If Proposition 112 fails, we may be able to avoid another painful economic correction. But if it passes, the local oil and gas industry will almost certainly start to wind down as companies move their exploration activity to more profitable locales, while existing wells deliver less and less. Will the oil and gas industry totally abandon Garfield County? Will enough natural gas extraction shift to our county’s public lands to lessen the economic blow? Will Proposition 112 be stuck in the courts for years? It’s all debatable.

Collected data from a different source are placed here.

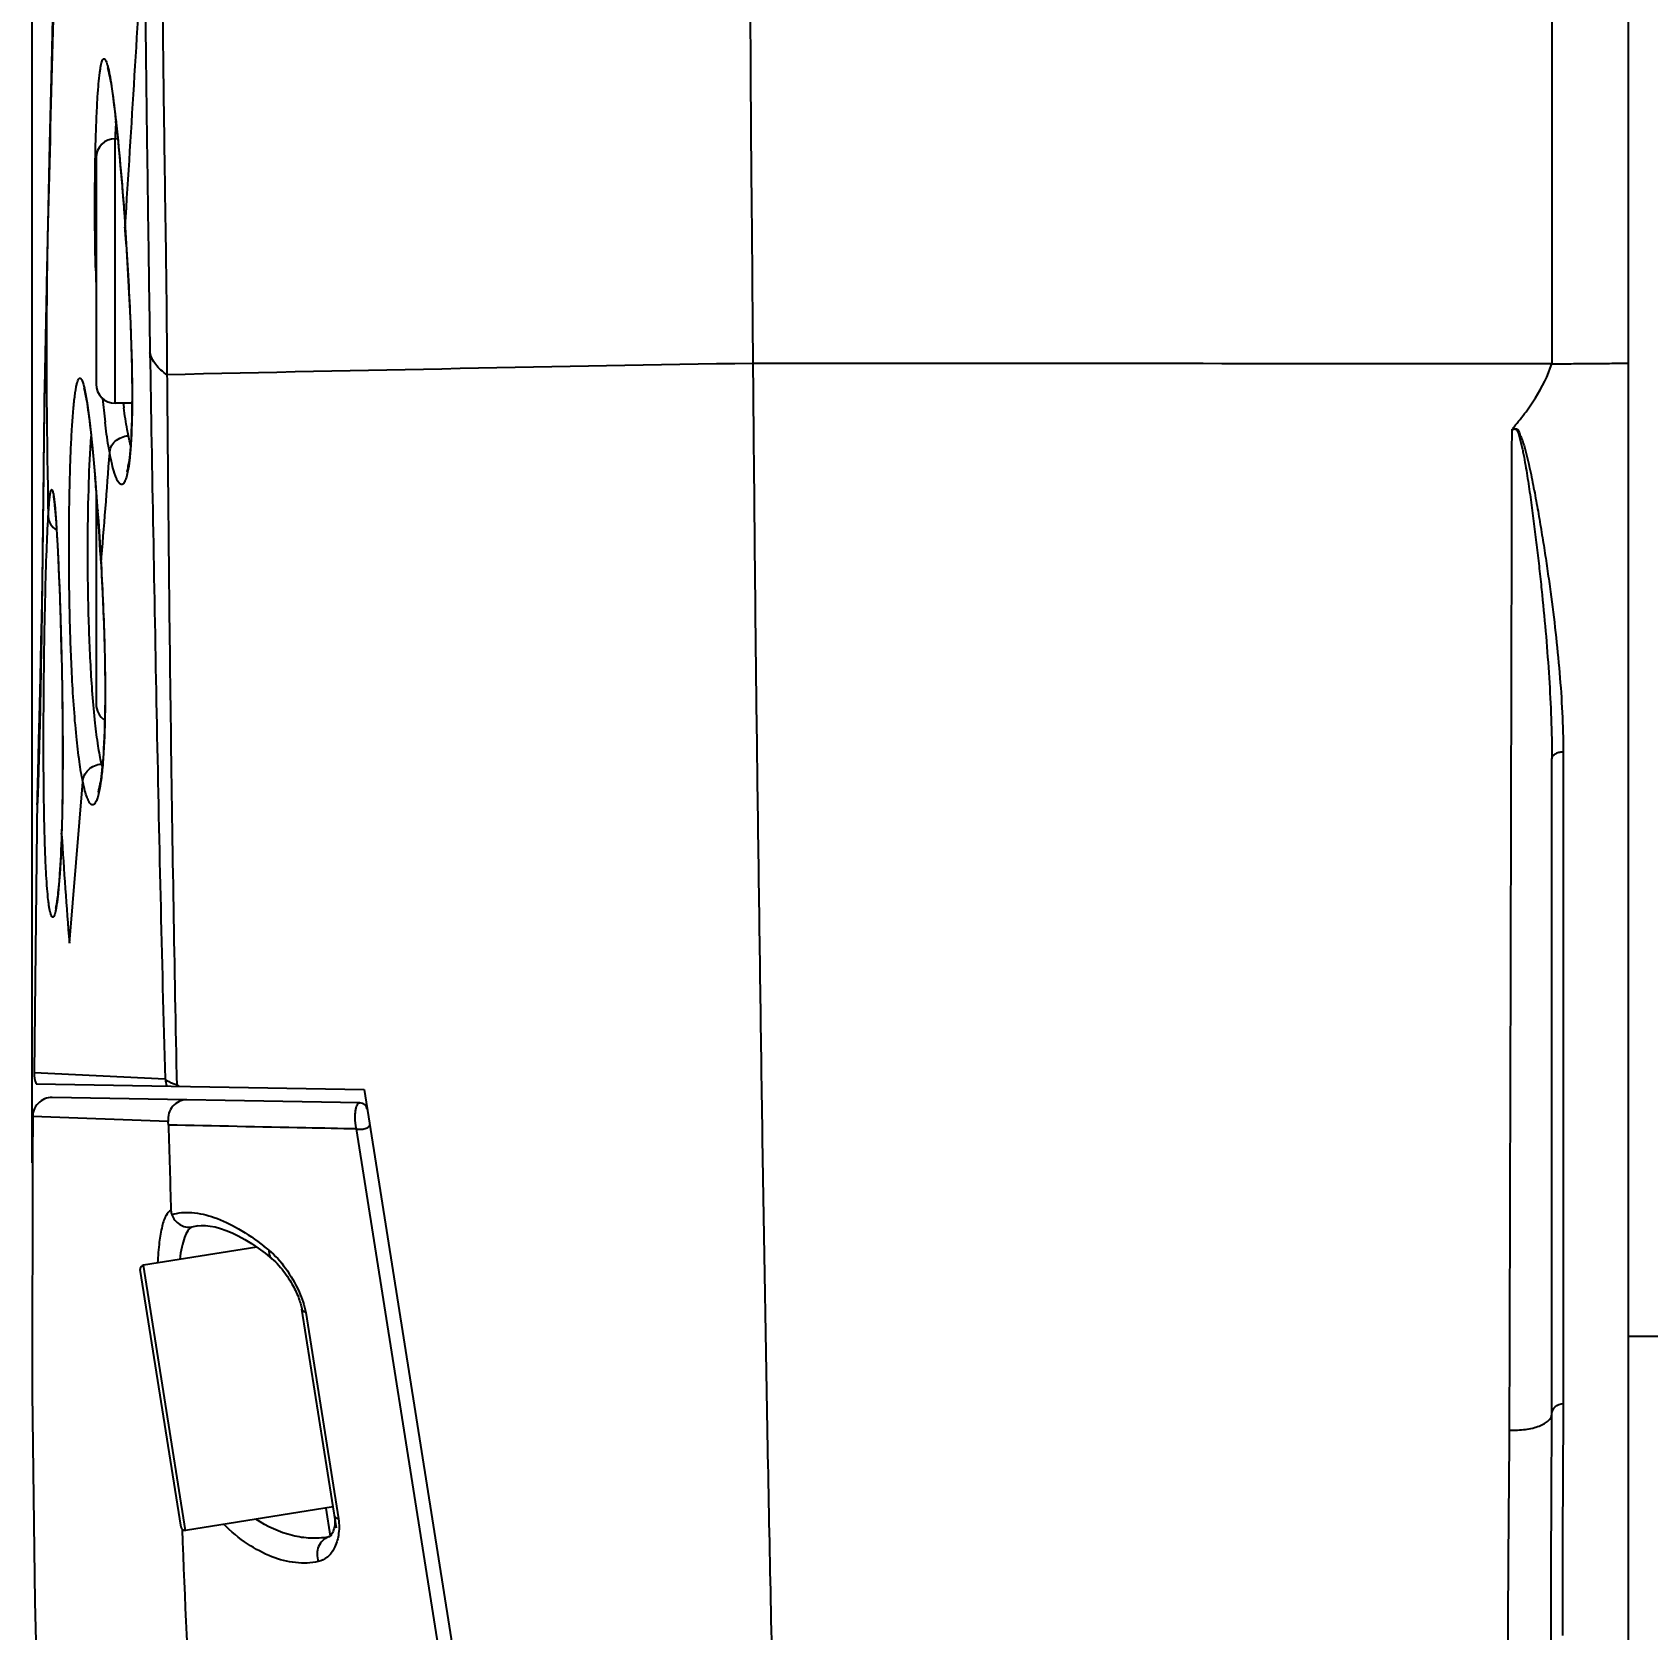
# Model space of a CAD drawing. Header units: millimetres. Extents: x 4086 to 8300, y 123 to 1549.
# Drawn here: x 7121.56 to 7132.09, y 704.57 to 714.99 of the extents above; entities that cross this region are included whole.
import ezdxf

# ---------------------------------------------------------------- set-up
doc = ezdxf.new("R2010")
doc.units = ezdxf.units.MM
doc.layers.add('外形图', color=7, linetype='Continuous')
doc.layers.add('尺寸标注', color=7, linetype='Continuous')
doc.styles.add('思源黑', font='SourceHanSansCN-Normal.ttf')
doc.dimstyles.new('尺寸标注_1_4比例', dxfattribs={"dimtxt": 7, "dimasz": 6, "dimexe": 2, "dimexo": 1.5, "dimgap": 1, "dimtad": 1, "dimdec": 1, "dimlfac": 4, "dimdsep": 46, "dimtxsty": '思源黑', "dimcen": 0.09, "dimadec": 0, "dimazin": 0, "dimtp": 0.01, "dimtm": 0.01, "dimtfac": 1, "dimtdec": 1, "dimtofl": 0, "dimtmove": 0, "dimatfit": 3, "dimfxl": 1, "dimtolj": 1, "dimarcsym": 0})

# ---------------------------------------------------------------- blocks, each defined once
blk = doc.blocks.new('*D990')
at = {"layer": 'Defpoints', "color": 0}
for p in [(7182.866, 882.152), (7182.866, 707.18), (7121.564, 706.117)]:
    blk.add_point(p, dxfattribs=at)
at = {"layer": '尺寸标注', "color": 0, "lineweight": -2}
for p, q in [((7121.564, 707.617), (7121.564, 884.152)), ((7182.866, 708.68), (7182.866, 884.152)), ((7127.564, 882.152), (7176.866, 882.152))]:
    blk.add_line(p, q, dxfattribs=at)
at = {"layer": '尺寸标注', "color": 0}
for points in [[(7127.564, 883.152), (7127.564, 881.152), (7121.564, 882.152)], [(7176.866, 881.152), (7176.866, 883.152), (7182.866, 882.152)]]:
    blk.add_solid(points, dxfattribs=at)
at = {"layer": '尺寸标注', "color": 0, "insert": (7152.215, 886.777), "char_height": 7, "attachment_point": 5, "style": '思源黑'}
blk.add_mtext('\\A1;245.2', dxfattribs=at)

msp = doc.modelspace()

# ---------------------------------------------------------------- linework, layer by layer
at = {"layer": '外形图'}
for p, q in [((7131.9676, 704.4551), (7131.9676, 735.7355)), ((7131.4676, 715.4727), (7131.4676, 712.8256)), ((7122.0861, 714.5878), (7122.091, 714.5528)), ((7122.091, 714.5528), (7122.0961, 714.5136)), ((7122.0961, 714.5136), (7122.1015, 714.4695)), ((7122.1015, 714.4695), (7122.1073, 714.4202)), ((7122.1073, 714.4202), (7122.1099, 714.3969)), ((7122.1081, 714.3971), (7122.1082, 714.3976)), ((7122.1082, 714.3976), (7122.1087, 714.4074)), ((7122.1096, 714.406), (7122.1105, 714.3972)), ((7122.1032, 714.2935), (7122.1032, 714.2948)), ((7122.1051, 712.5684), (7122.1051, 714.2934)), ((7122.1209, 714.2934), (7122.1051, 714.2934)), ((7121.9801, 714.1684), (7121.9801, 712.6934)), ((7122.1596, 713.8476), (7122.1684, 713.7197)), ((7121.6651, 713.7368), (7121.6588, 713.4363)), ((7121.6589, 713.3467), (7121.668, 713.7367)), ((7122.168, 713.7197), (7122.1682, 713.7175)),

Regardless of whether we see a catastrophic bust or continued gradual decline of natural gas production, we should have better prepared for this possibility during our wealthy years. We’ve lost time doing business as usual. Now it’s time to invest more in infrastructure to support and stimulate our economy, and to encourage more business diversity. That’s how we can lessen our recurring boom and bust cycles and our over-dependence on the inherently volatile prices and profits of natural gas.
And what if Proposition 112 doesn’t pass, but Proposition 74 does? We’ll be back to 500-foot setbacks. We’ll also likely be looking at stacks of legal bills that will have to be paid with public dollars taken from the coffers we need to take care of our communities.
MIddle Path: Reasonable Self-interest
Is there a middle ground we can agree upon if neither proposition passes?
The specter of Proposition 112 should make it clear that it’s in the self-interest of the oil and gas industry to back off, with reason and compromise, where they are not wanted by concerned property owners, neighborhoods and, yes, watersheds. Self police themselves. Consider the benefit for the entire industry.
Furthermore, the state and county, wherever possible, should act robustly in the best interests of its citizens. Protecting them will also help to protect the long-term future of the oil and gas industry.
If elected as a Garfield County Commissioner, I pledge to work with both our citizen groups and leaders in the oil and gas industry to negotiate a lasting and equitable solution that protects the people of Garfield County in their homes and communities, and provides reasonable opportunities for the gas extraction industry.
I will use this office to stand up for the health and well-being of Garfield County and its environment. I will expect oil and gas companies to be reasonable and good neighbors. And I will hold them accountable.
It will be hard work and take years. What are you willing to trade off?
Paula Stepp is the Democratic candidate running for Garfield County Commissioner in District 1.